図1に示されるように、正常な前立腺細胞はGASP-1オンコソーム又はマイクロベシクルを放出しないが(左のパネル)、GASP-1オンコソームは、放出される前にがん細胞膜から突出した膜ブレブの形成を介して細胞膜から出芽するのを見ることができる(右のパネル中の矢印を参照されたい)。オンコソーム又はマイクロベシクルは、がん細胞膜の特定領域に最初に集中していたGASP-1に由来するようであった。完全に放出されたオンコソーム又はマイクロベシクルは、放出領域の近くにも見ることができる(右のパネル)。
【0086】
実施例2.がん細胞における様々な大きさのGASP-1顆粒の存在
様々ながん細胞におけるGASP-1の発現を、EEASPEAVAGVGFESK(配列番号22)に対するポリクローナル抗体を用いて調べた。上記実施例1に記載の放出された細胞外GASP-1オンコソームとは異なり、GASP-1を発現する顆粒は、乳がん、トリプルネガティブ乳がん、前立腺がん、肺がん、肝臓がん、卵巣がん、グリオブラストーマ、胃がん、膀胱がん、メラノーマ又は大腸がんといったがん細胞の細胞質中又は表面上に見出された。GASP-1の過剰発現はがんの発生及び進行に必要とされるため、GASP-1顆粒の産生は、がんの進行に必要とされるステップであり得る。
【0087】
図2は、EEASPEAVAGVGFESK(配列番号22)に対するポリクローナル抗体を用いた高グレードDCIS乳がんの免疫組織化学(IHC)染色を示す。

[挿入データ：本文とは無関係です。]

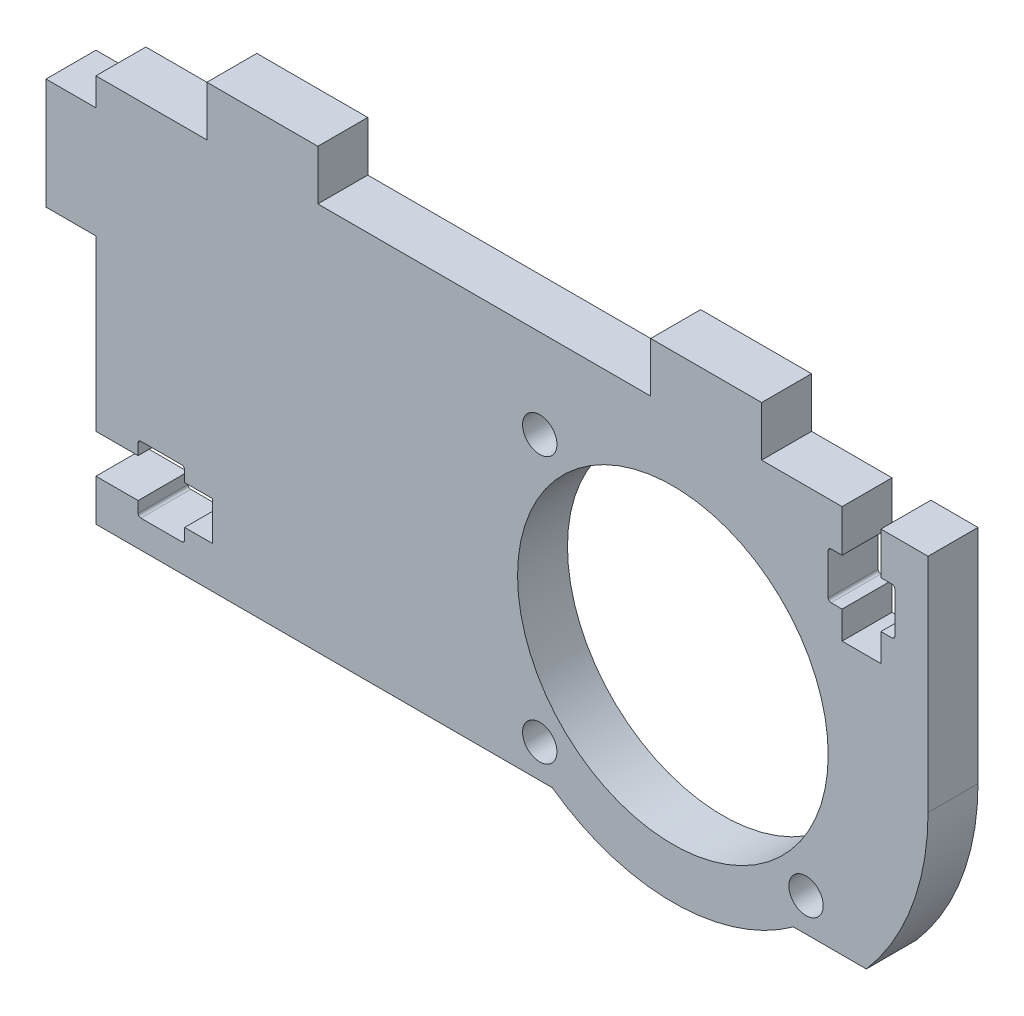
SolidWorks part; units mm, degrees
ref_plane "Front Plane" through (0, 0, 0) normal (0, 0, 1) x (1, 0, 0)
ref_plane "Top Plane" through (0, 0, 0) normal (0, 1, 0) x (1, 0, 0)
ref_plane "Right Plane" through (0, 0, 0) normal (1, 0, 0) x (0, 0, -1)
sketch "Sketch1" plane through (0, 0, 0) normal (0, 0, 1) x (1, 0, 0)
  line L0 (0, 0) -> (0, -35)
  line L1 (0, -35) -> (75, -35)
  line L2 (75, -35) -> (75, 0)
  line L3 (75, 0) -> (0, 0)
  dimension "D1" = 75
  dimension "D2" = 35
extrude "MainShape" add sketch "Sketch1" along normal blind 4.5
sketch "Sketch2" plane through (0, 0, 4.5) normal (0, 0, 1) x (1, 0, 0)
  line L0 (0, -2.5) -> (-4.5, -2.5)
  line L1 (0, 0) -> (0, -35) construction
  line L2 (-4.5, -2.5) -> (-4.5, -12.5)
  line L3 (-4.5, -12.5) -> (0, -12.5)
  line L4 (0, -12.5) -> (0, -2.5)
  line L5 (-4.5, -7.5) -> (0, -7.5) construction
  dimension "D1" = 10
  dimension "D2" = 4.5
  dimension "D3" = 7.5
extrude "RearTab" add sketch "Sketch2" against normal through all
sketch "Sketch3" plane through (0, 0, 4.5) normal (0, 0, 1) x (1, 0, 0)
  line L0 (75, 0) -> (0, 0) construction
  line L1 (10, 0) -> (20, 0)
  line L2 (10, 0) -> (10, 4.5)
  line L3 (10, 4.5) -> (20, 4.5)
  line L4 (20, 0) -> (20, 4.5)
  line L5 (15, 4.5) -> (15, 0) construction
  line L6 (50, 0) -> (60, 0)
  line L7 (50, 0) -> (50, 4.5)
  line L8 (50, 4.5) -> (60, 4.5)
  line L9 (60, 0) -> (60, 4.5)
  line L10 (55, 4.5) -> (55, 0) construction
  dimension "D1" = 4.5
  dimension "D2" = 10
  dimension "D3" = 40
  dimension "D4" = 15
extrude "Boss-Extrude3" add sketch "Sketch3" against normal through all
sketch "Sketch4" plane through (0, 0, 4.5) normal (0, 0, 1) x (1, 0, 0)
  line L0 (69, 0) -> (69, -10.5) construction
  line L1 (75, 0) -> (60, 0) construction
  line L2 (70.75, -10.5) -> (67.25, -10.5) construction
  line L3 (67.25, -10.5) -> (67.25, 0) construction
  line L4 (67.25, 0) -> (67.25, -3.8)
  line L5 (67.25, -3.8) -> (66.25, -3.8)
  line L6 (66, -4.05) -> (66, -7.75)
  line L7 (66.25, -8) -> (67.25, -8)
  line L8 (67.25, -8) -> (67.25, -10.5)
  line L9 (67.25, -10.5) -> (70.75, -10.5)
  line L10 (67.25, 0) -> (70.75, 0)
  line L11 (70.75, -10.5) -> (70.75, 0) construction
  line L12 (70.75, -8) -> (70.75, -10.5)
  line L13 (71.75, -8) -> (70.75, -8)
  line L14 (72, -4.05) -> (72, -7.75)
  line L15 (70.75, -3.8) -> (71.75, -3.8)
  line L16 (70.75, 0) -> (70.75, -3.8)
  arc A0 (66, -7.75) -> (66.25, -8) centre (66.25, -7.75) ccw
  arc A1 (66.25, -3.8) -> (66, -4.05) centre (66.25, -4.05) ccw
  arc A2 (71.75, -3.8) -> (72, -4.05) centre (71.75, -4.05) cw
  arc A3 (72, -7.75) -> (71.75, -8) centre (71.75, -7.75) cw
  point P13 (66, -8)
  point P16 (66, -3.8)
  point P27 (72, -3.8)
  point P28 (72, -8)
  dimension "D7" = 0.25
  dimension "D1" = 10.5
  dimension "D2" = 1.75
  dimension "D3" = 4.2
  dimension "D4" = 3
  dimension "D5" = 8
  dimension "D6" = 69
extrude "Cut-Extrude1" cut sketch "Sketch4" against normal through all
sketch "Sketch5" plane through (0, 0, 4.5) normal (0, 0, 1) x (1, 0, 0)
  line L0 (45.0208, 0) -> (45.0208, 4.5) construction
  line L1 (42.5416, 0) -> (47.5, 0)
  line L2 (42.5416, 0) -> (42.5416, -5.18)
  line L3 (42.5416, -5.18) -> (47.5, -5.18)
  line L4 (47.5, 0) -> (47.5, -5.18)
  line L5 (42.5416, 0) -> (47.5, -5.18) construction
  line L6 (42.5416, -5.18) -> (47.5, 0) construction
  line L7 (42, -4.18) -> (48, -4.18) construction
  line L8 (50, 0) -> (20, 0) construction
  line L9 (48, -4.18) -> (48, -1.18) construction
  line L10 (48, -2.68) -> (58, -2.68) construction
  line L11 (48, -4.18) -> (48, -1.18) construction
  line L12 (58, -1.18) -> (58, -4.18) construction
  line L13 (53, -2.68) -> (53, 0) construction
  line L14 (0, 0) -> (19.5, 0) construction
  line L15 (63.4584, -5.18) -> (58.5, 0) construction
  line L16 (63.4584, 0) -> (58.5, -5.18) construction
  line L17 (58.5, 0) -> (58.5, -5.18)
  line L18 (63.4584, -5.18) -> (58.5, -5.18)
  line L19 (63.4584, 0) -> (63.4584, -5.18)
  line L20 (63.4584, 0) -> (58.5, 0)
  line L21 (42.5416, -5.18) -> (47.5, 0) construction
  point P0 (45.0208, -2.59)
  point P27 (60.9792, -2.59)
  dimension "D1" = 1
  dimension "D2" = 0
  dimension "D3" = 0.5
extrude "Cut-Extrude2" [suppressed] cut sketch "Sketch5" against normal through all
sketch "Sketch6" plane through (0, 0, 4.5) normal (0, 0, 1) x (1, 0, 0)
  line L0 (52, -20) -> (40, -8) construction
  line L2 (52, -34) -> (52, -6) construction
  line L3 (52, -20) -> (38, -20) construction
  line L4 (52, -20) -> (64, -8) construction
  line L5 (52, -20) -> (64, -32) construction
  line L6 (52, -20) -> (40, -32) construction
  circle A0 centre (52, -20) radius 14
  circle A1 centre (40, -8) radius 1.55
  circle A3 centre (64, -32) radius 1.55
  circle A4 centre (40, -32) radius 1.55
  dimension "D1" = 28
  dimension "D4" = 3.1
  dimension "D2" = 52
  dimension "D3" = 20
  dimension "D5" = 12
  dimension "D6" = 45
extrude "Cut-Extrude3" cut sketch "Sketch6" against normal through all
sketch "Sketch7" plane through (0, 0, 4.5) normal (0, 0, 1) x (1, 0, 0)
  line L0 (0, -35) -> (62.8633, -35)
  arc A0 (41.1367, -35) -> (62.8633, -35) centre (52, -20) ccw
  circle A1 centre (52, -20) radius 14 construction
  circle A2 centre (64, -32) radius 1.55 construction
extrude "Boss-Extrude4" add sketch "Sketch7" against normal through all contours L0 A0
sketch "Sketch8" [suppressed] plane through (0, 0, 4.5) normal (0, 0, 1) x (1, 0, 0)
  line L1 (0, -35) -> (39.1367, -35) construction
  line L18 (15, -35) -> (15, -9.316) construction
  line L19 (6.3379, -28.8128) -> (15, -37.4749) construction
  line L20 (8.8128, -26.3379) -> (17.4749, -35) construction
  line L21 (6.3379, -28.8128) -> (8.8128, -26.3379) construction
  line L22 (15, -35) -> (7.5754, -27.5754) construction
  line L23 (15, -37.4749) -> (11.0756, -33.5504)
  line L24 (11.0756, -33.5504) -> (10.1917, -34.4343)
  line L25 (10.1917, -34.4343) -> (7.2218, -31.4645)
  line L26 (7.2218, -31.4645) -> (8.1057, -30.5806)
  line L27 (8.1057, -30.5806) -> (6.3379, -28.8128)
  line L28 (15, -37.4749) -> (15, -35)
  line L29 (17.4749, -35) -> (15, -35)
  line L30 (8.8128, -26.3379) -> (6.3379, -28.8128)
  line L31 (10.5806, -28.1057) -> (8.8128, -26.3379)
  line L32 (11.4645, -27.2218) -> (10.5806, -28.1057)
  line L33 (14.4343, -30.1917) -> (11.4645, -27.2218)
  line L34 (13.5504, -31.0756) -> (14.4343, -30.1917)
  line L35 (17.4749, -35) -> (13.5504, -31.0756)
  dimension "D7" = 15
extrude "Cut-Extrude4" [suppressed] cut sketch "Sketch8" against normal through all
sketch "Sketch10" [suppressed] plane through (0, 0, 4.5) normal (0, 0, 1) x (1, 0, 0)
  line L0 (17.4749, -35) -> (21.7175, -30.7574)
  line L1 (21.7175, -30.7574) -> (25.253, -34.2929)
  line L2 (25.253, -34.2929) -> (24.5459, -35)
  line L3 (17.4749, -35) -> (39.1367, -35) construction
  line L4 (24.5459, -35) -> (17.4749, -35)
  line L5 (17.4749, -35) -> (13.5504, -31.0756) construction
  dimension "D1" = 5
  dimension "D2" = 6
extrude "Cut-Extrude6" [suppressed] cut sketch "Sketch10" against normal through all
sketch "Sketch12" plane through (0, 0, 4.5) normal (0, 0, 1) x (1, 0, 0)
  line L0 (7.3224, -34.6526) -> (32.3224, -34.6526) construction
  circle A0 centre (32.3224, -34.6526) radius 5
  circle A1 centre (7.3224, -34.6526) radius 5
  dimension "D1" = 10
  dimension "D2" = 10
  dimension "D3" = 25
  dimension "D4" = 34.6526
  dimension "D5" = 7.3224
extrude "Boss-Extrude5" [suppressed] add sketch "Sketch12" against normal through all
sketch "Sketch11" plane through (0, 0, 4.5) normal (0, 0, 1) x (1, 0, 0)
  line L0 (0, -29.5) -> (10.5, -29.5) construction
  line L1 (0, -12.5) -> (0, -35) construction
  line L2 (10.5, -31.25) -> (10.5, -27.75) construction
  line L3 (10.5, -27.75) -> (0, -27.75) construction
  line L4 (0, -31.25) -> (0, -27.75)
  line L5 (0, -27.75) -> (3.8, -27.75)
  line L6 (3.8, -27.75) -> (3.8, -26.75)
  line L7 (4.05, -26.5) -> (7.75, -26.5)
  line L8 (8, -26.75) -> (8, -27.75)
  line L9 (8, -27.75) -> (10.5, -27.75)
  line L10 (10.5, -27.75) -> (10.5, -31.25)
  line L11 (10.5, -31.25) -> (0, -31.25) construction
  line L12 (8, -31.25) -> (10.5, -31.25)
  line L13 (8, -32.25) -> (8, -31.25)
  line L14 (4.05, -32.5) -> (7.75, -32.5)
  line L15 (3.8, -31.25) -> (3.8, -32.25)
  line L16 (0, -31.25) -> (3.8, -31.25)
  line L17 (-4.5, -2.5) -> (-4.5, -12.5) construction
  arc A0 (7.75, -26.5) -> (8, -26.75) centre (7.75, -26.75) cw
  arc A1 (3.8, -26.75) -> (4.05, -26.5) centre (4.05, -26.75) cw
  arc A2 (3.8, -32.25) -> (4.05, -32.5) centre (4.05, -32.25) ccw
  arc A3 (7.75, -32.5) -> (8, -32.25) centre (7.75, -32.25) ccw
  point P12 (8, -26.5)
  point P15 (3.8, -26.5)
  point P26 (3.8, -32.5)
  point P27 (8, -32.5)
  point P28 (-4.5, -7.5)
  dimension "D1" = 10.5
  dimension "D2" = 1.75
  dimension "D3" = 4.2
  dimension "D4" = 3
  dimension "D5" = 8
  dimension "D6" = 0.25
  dimension "D7" = 22
extrude "Cut-Extrude7" cut sketch "Sketch11" against normal through all
sketch "Sketch13" [suppressed] plane through (0, 0, 4.5) normal (0, 0, 1) x (1, 0, 0)
  circle A0 centre (7.3224, -34.6526) radius 1.55
  circle A1 centre (32.3224, -34.6526) radius 1.55
  arc A2 (2.3345, -35) -> (12.3103, -35) centre (7.3224, -34.6526) ccw construction
  arc A3 (27.3345, -35) -> (37.3103, -35) centre (32.3224, -34.6526) ccw construction
  dimension "D1" = 3.1
extrude "Cut-Extrude8" [suppressed] cut sketch "Sketch13" against normal through all
sketch "Sketch14" plane through (0, 0, 4.5) normal (0, 0, 1) x (1, 0, 0)
  line L0 (75, -35) -> (75, 0) construction
  line L1 (69.4356, -35) -> (75, -35)
  line L2 (75, -35) -> (75, -20)
  arc A0 (69.4356, -35) -> (75, -20) centre (52, -20) ccw
  circle A1 centre (52, -20) radius 14 construction
extrude "SmoothEdge" cut sketch "Sketch14" against normal through all
equation "\"X-ROD-SPACING\"=45"
equation "\"Y-ROD-SPACING\"=75"
equation "\"Z-ROD-SPACING\"=17.5"
equation "\"Y-BED-OFFSET\"=2"
equation "\"Y-BED-ROD-INSET\"=3.5"
equation "\"Y-BED-SCREW-SPACING\"=209"
equation "\"Y-BED-SCREW-CUTOUT-SLOT-HEIGHT\"=2"
equation "\"T-SLOT-NUT-FILLET-RADIUS\"=0.25"
equation "\"T-SLOT-SCREW-SHAFT-RADIUS\"=1.75"
equation "\"T-SLOT-SCREW-SHAFT-CUTOUT-LENGTH\"=10.5"
equation "\"T-SLOT-NUT-DEPTH\"=4.2"
equation "\"T-SLOT-NUT-WIDTH\"=3"
equation "\"T-SLOT-NUT-END-DISTANCE\"=8"
equation "\"ACRYLIC-THICKNESS\"=10"
equation "\"ACRYLIC-THICKNESS2\"=4.5"
equation "\"ACRYLIC-TAB-CUTOUT-SIZE\"=\"ACRYLIC-THICKNESS\"+\"ACRYLIC-TAB-TOLERANCE\"*2"
equation "\"ACRYLIC-TAB-TOLERANCE\"=.1"
equation "\"ACRYLIC-TAB-WIDTH\"=\"ACRYLIC-THICKNESS\""
equation "\"ACRYLIC-M3-HOLE\"=3.1"
equation "\"SMOOTHROD-CAP-SCREW-DISTANCE\"=20"
equation "\"FRAME-WIDTH-INNER\"=370"
equation "\"NEMA17-HOLE-SPACING\"=31"
equation "\"NEMA17-CENTRAL-CUTOUT\"=22.5"
equation "\"Z-BRACKET-REACH\"=55"
equation "\"Z-ROD-INSET\"=16"
equation "\"TOP-BRACKET-SPACING\"=40"
equation "\"SMOOTHROD-X-LENGTH\"=350"
equation "\"SMOOTHROD-Y-LENGTH\"=350"
equation "\"SMOOTHROD-Z-LENGTH\"=350"
equation "\"SMOOTHROD-TIGHTENING-HEADROOM\"=.25"
equation "\"LEADSCREW-Z-LENGTH\"=300"
equation "\"SCREW-LENGTH-FRAME\"=\"ACRYLIC-THICKNESS\" + 10"
equation "\"SCREW-LENGTH-MOTOR\"=\"ACRYLIC-THICKNESS\" + 5"
equation "\"SCREW-LENGTH-EXTRUDER\"=28"
equation "\"SCREW-HEAD-RADIUS\"=6"
equation "\"PRINTED-M3-HOLE\"=3.5"
equation "\"PRINTED-X-SMOOTHROD-DIAMETER\"=8.2"
equation "\"PRINTED-X-SMOOTHROD-CUTOUT\"=10"
equation "\"PRINTED-X-BASE-HEIGHT\"=10"
equation "\"PRINTED-LM8UU-CUTOUT-SIZE\"=15.25"
equation "\"PRINTED-LM8UU-CUTOUT-LENGTH\"=24.5"
equation "\"PRINTED-X-IDLER-HEIGHT\"=16"
equation "\"PRINTED-M3-NUT-AF\"=6.25"
equation "\"PSU-MOUNTING-WIDTH\"=95"
equation "\"PSU-MOUNTING-HEIGHT\"=177"
equation "\"Y-BELT-TO-ROD-DISTANCE\"=20"
equation "\"SPOOL-HOLDER-ROD-SPACING\"=150"
equation "\"ACRYLIC-X-CARRIAGE-WIDTH\"=55"
equation "\"ACRYLIC-X-CARRIAGE-HEIGHT\"=75"
equation "\"ACRYLIC-X-CARRIAGE-LM8UU-CUTOUT-WIDTH\"=24.25"
equation "\"ACRYLIC-X-CARRIAGE-LM8UU-CUTOUT-HEIGHT\"=11.5"
equation "\"ACRYLIC-X-CARRIAGE-SCREW-SPACING-X\"=15"
equation "\"ACRYLIC-X-CARRIAGE-SCREW-SPACING-Y\"=33"
equation "\"ACRYLIC-X-CARRIAGE-CENTER-TAB-SPACING\"=14"
equation "\"ACRYLIC-X-CARRIAGE-EXTRUDER-OFFSET\"=26"
equation "\"ACRYLIC-X-CARRIAGE-EXTRUDER-ANGLE\"=90"
equation "\"ACRYLIC-X-CARRIAGE-EXTRUDER-SHELF-DEPTH\"=\"ACRYLIC-X-CARRIAGE-EXTRUDER-OFFSET\" + 28"
equation "\"ACRYLIC-X-CARRIAGE-EXTRUDER-BRACE-SPACING\"=23"
equation "\"ACRYLIC-X-CARRIAGE-EXTRUDER-BRACE-TAB-OFFSET\"=20"
equation "\"ACRYLIC-X-CARRIAGE-EXTRUDER-BRACE-HEIGHT\"=35"
equation "\"ACRYLIC-X-CARRIAGE-EXTRUDER-BRACE-SCREW-SPACING\"=22"
equation "\"ACRYLIC-X-CARRIAGE-DUAL-WIDTH-MULTIPLIER\"=1.65"
equation "\"ACRYLIC-X-CARRIAGE-DUAL-HOTEND-SPACING\"=42"
equation "\"ACRYLIC-X-CARRIAGE-DUAL-WIDTH\"=75"
equation "\"ACRYLIC-X-CARRIAGE-DUAL-FAN-OFFSET\"=52"
equation "\"ACRYLIC-X-CARRIAGE-DUAL-FAN-HEIGHT\"=20"
equation "\"ACRYLIC-X-CARRIAGE-DUAL-HOTEND-SEPARATION\"=36"
equation "\"ACRYLIC-X-CARRIAGE-DUAL-MOUNT-PLATE-DEPTH\"=75"
equation "\"ACRYLIC-X-CARRIAGE-DUAL-MOUNT-BRACE-WIDTH\"=33"
equation "\"ACRYLIC-X-CARRIAGE-DUAL-MOUNT-SCREW-WIDTH\"=40"
equation "\"BLOWER-FAN-WIDTH\"=15"
equation "\"D1@Sketch1\"=\"ACRYLIC-X-CARRIAGE-DUAL-MOUNT-PLATE-DEPTH\""
equation "\"D2@Sketch1\"=\"ACRYLIC-X-CARRIAGE-EXTRUDER-BRACE-HEIGHT\""
equation "\"D1@MainShape\" = \"ACRYLIC-THICKNESS2\""
equation "\"D1@Sketch2\"=\"ACRYLIC-TAB-WIDTH\""
equation "\"D2@Sketch2\"=\"ACRYLIC-THICKNESS2\""
equation "\"D1@Sketch3\"=\"ACRYLIC-THICKNESS2\""
equation "\"D2@Sketch3\"=\"ACRYLIC-TAB-WIDTH\""
equation "\"D1@Sketch4\"=\"T-SLOT-SCREW-SHAFT-CUTOUT-LENGTH\""
equation "\"D2@Sketch4\"=\"T-SLOT-SCREW-SHAFT-RADIUS\""
equation "\"D3@Sketch4\"=\"T-SLOT-NUT-DEPTH\""
equation "\"D4@Sketch4\"=\"T-SLOT-NUT-WIDTH\""
equation "\"D5@Sketch4\"=\"T-SLOT-NUT-END-DISTANCE\""
equation "\"D7@Sketch4\"=\"T-SLOT-NUT-FILLET-RADIUS\""
equation "\"D2@Sketch6\"=\"ACRYLIC-X-CARRIAGE-DUAL-FAN-OFFSET\""
equation "\"D3@Sketch6\"=\"ACRYLIC-X-CARRIAGE-DUAL-FAN-HEIGHT\""
equation "\"D4@Sketch6\"=\"ACRYLIC-M3-HOLE\""
equation "\"D1@Sketch11\"=\"T-SLOT-SCREW-SHAFT-CUTOUT-LENGTH\""
equation "\"D2@Sketch11\"=\"T-SLOT-SCREW-SHAFT-RADIUS\""
equation "\"D3@Sketch11\"=\"T-SLOT-NUT-DEPTH\""
equation "\"D4@Sketch11\"=\"T-SLOT-NUT-WIDTH\""
equation "\"D5@Sketch11\"=\"T-SLOT-NUT-END-DISTANCE\""
equation "\"D6@Sketch11\"=\"T-SLOT-NUT-FILLET-RADIUS\""
equation "\"D1@Sketch13\"=\"ACRYLIC-M3-HOLE\""

正常な乳房細胞において、GASP-1は一部の核にのみ発現し、細胞質には発現していない(
図2左のパネル)。がん細胞において、GASP-1顆粒は細胞膜と結合していたり、細胞質中にあったり、核膜の周辺にクラスター化していたり、また核の内部にあった(
図2右のパネル及び
図3)。
【0088】
GASP-1顆粒は、エンドソームに由来する可能性がある。しかしながら、成熟時の径が0.5 μmであるエンドソームとは異なり、粉粒、細粒から、粗粒までにわたる様々な大きさのGASP-1顆粒が、このがんに存在している(
図3)。径が1.0から5.0 μmであるGASP-1粗粒は、エンドソームより大きいものであり得る。さらには、
図1に記載の細胞外GASP-1オンコソームとは異なり、GASP-1粗粒は細胞膜に付着したままであり(
図3の矢印を参照されたい)、細胞膜から放出されない。GASP-1顆粒はまた、オンコソームの顕著な特徴である細胞膜から突出した膜ブレブを形成しない。GASP-1粗粒は、おそらく、より小さい顆粒の成熟によって、又はより小さい顆粒の凝集によって形成される。細胞膜上にこれほど多くのGASP-1粗粒が結合することで、膜の不安定化及び細胞膜の破壊(又は断片化)が引き起こされる可能性がある。断片化した細胞膜片は、それらに付着した多くのGASP-1顆粒をなお含有している(
図3)。細胞膜を破壊することの一つの結果として、元々細胞の内部(細胞質中、核膜上にクラスター化して、又は核)に存在していた多くのGASP-1顆粒が腫瘍微小環境に放出され、後に血液循環に放出されることになる。本発明者らはまた、がんが重症化するにつれてGASP-1顆粒の大きさが大きく、かつ粗くなることを見出した。
【0089】
GASP-1顆粒ががん細胞表面上に存在し、正常細胞表面上に存在しないことは、がん細胞を特異的に標的化して正常細胞に害を与えない機会を提示するものである。がん細胞表面上にGASP-1粗粒が大量に存在することはまた、GASP-1標的化がん処置をより効果的なものにすることができる。DCIS乳がんや他のがんのような固形腫瘍においては、GASP-1顆粒は異なる細胞層の表面上にも見出された。このことはまた、GASP-1顆粒を標的とする免疫療法をむしろ効果的なものにする。その理由は、これらががん治療剤にアクセス可能なためである。
【0090】
トリプルネガティブ乳がんは、非常に侵攻性の高い形態の乳がんであり、高グレードDCISとほぼ同一のGASP-1顆粒パターンを示す(
図4)。 繰り返しになるが、粉粒、細粒から、粗粒までにわたる様々な大きさのGASP-1顆粒が、このがんに存在している。 矢印は、細胞膜又は膜断片になお付着しているGASP-1顆粒を指している。
【0091】
肺がんは、男女ともに最も致命的ながんの一つである。その死亡率は、3大がん(大腸がん、乳がん、膵臓がん)を合わせたものを超えている。非小細胞肺がん(NSCLC)は肺がん全体の約85%を占めており、新たに診断された肺がん患者のほとんどが末期である。早期検出は非常に重要であって、生検サンプルを利用できるなら、細胞質中のGASP-1顆粒の存在及び存在量(abundance)は早期検出となる可能性がある。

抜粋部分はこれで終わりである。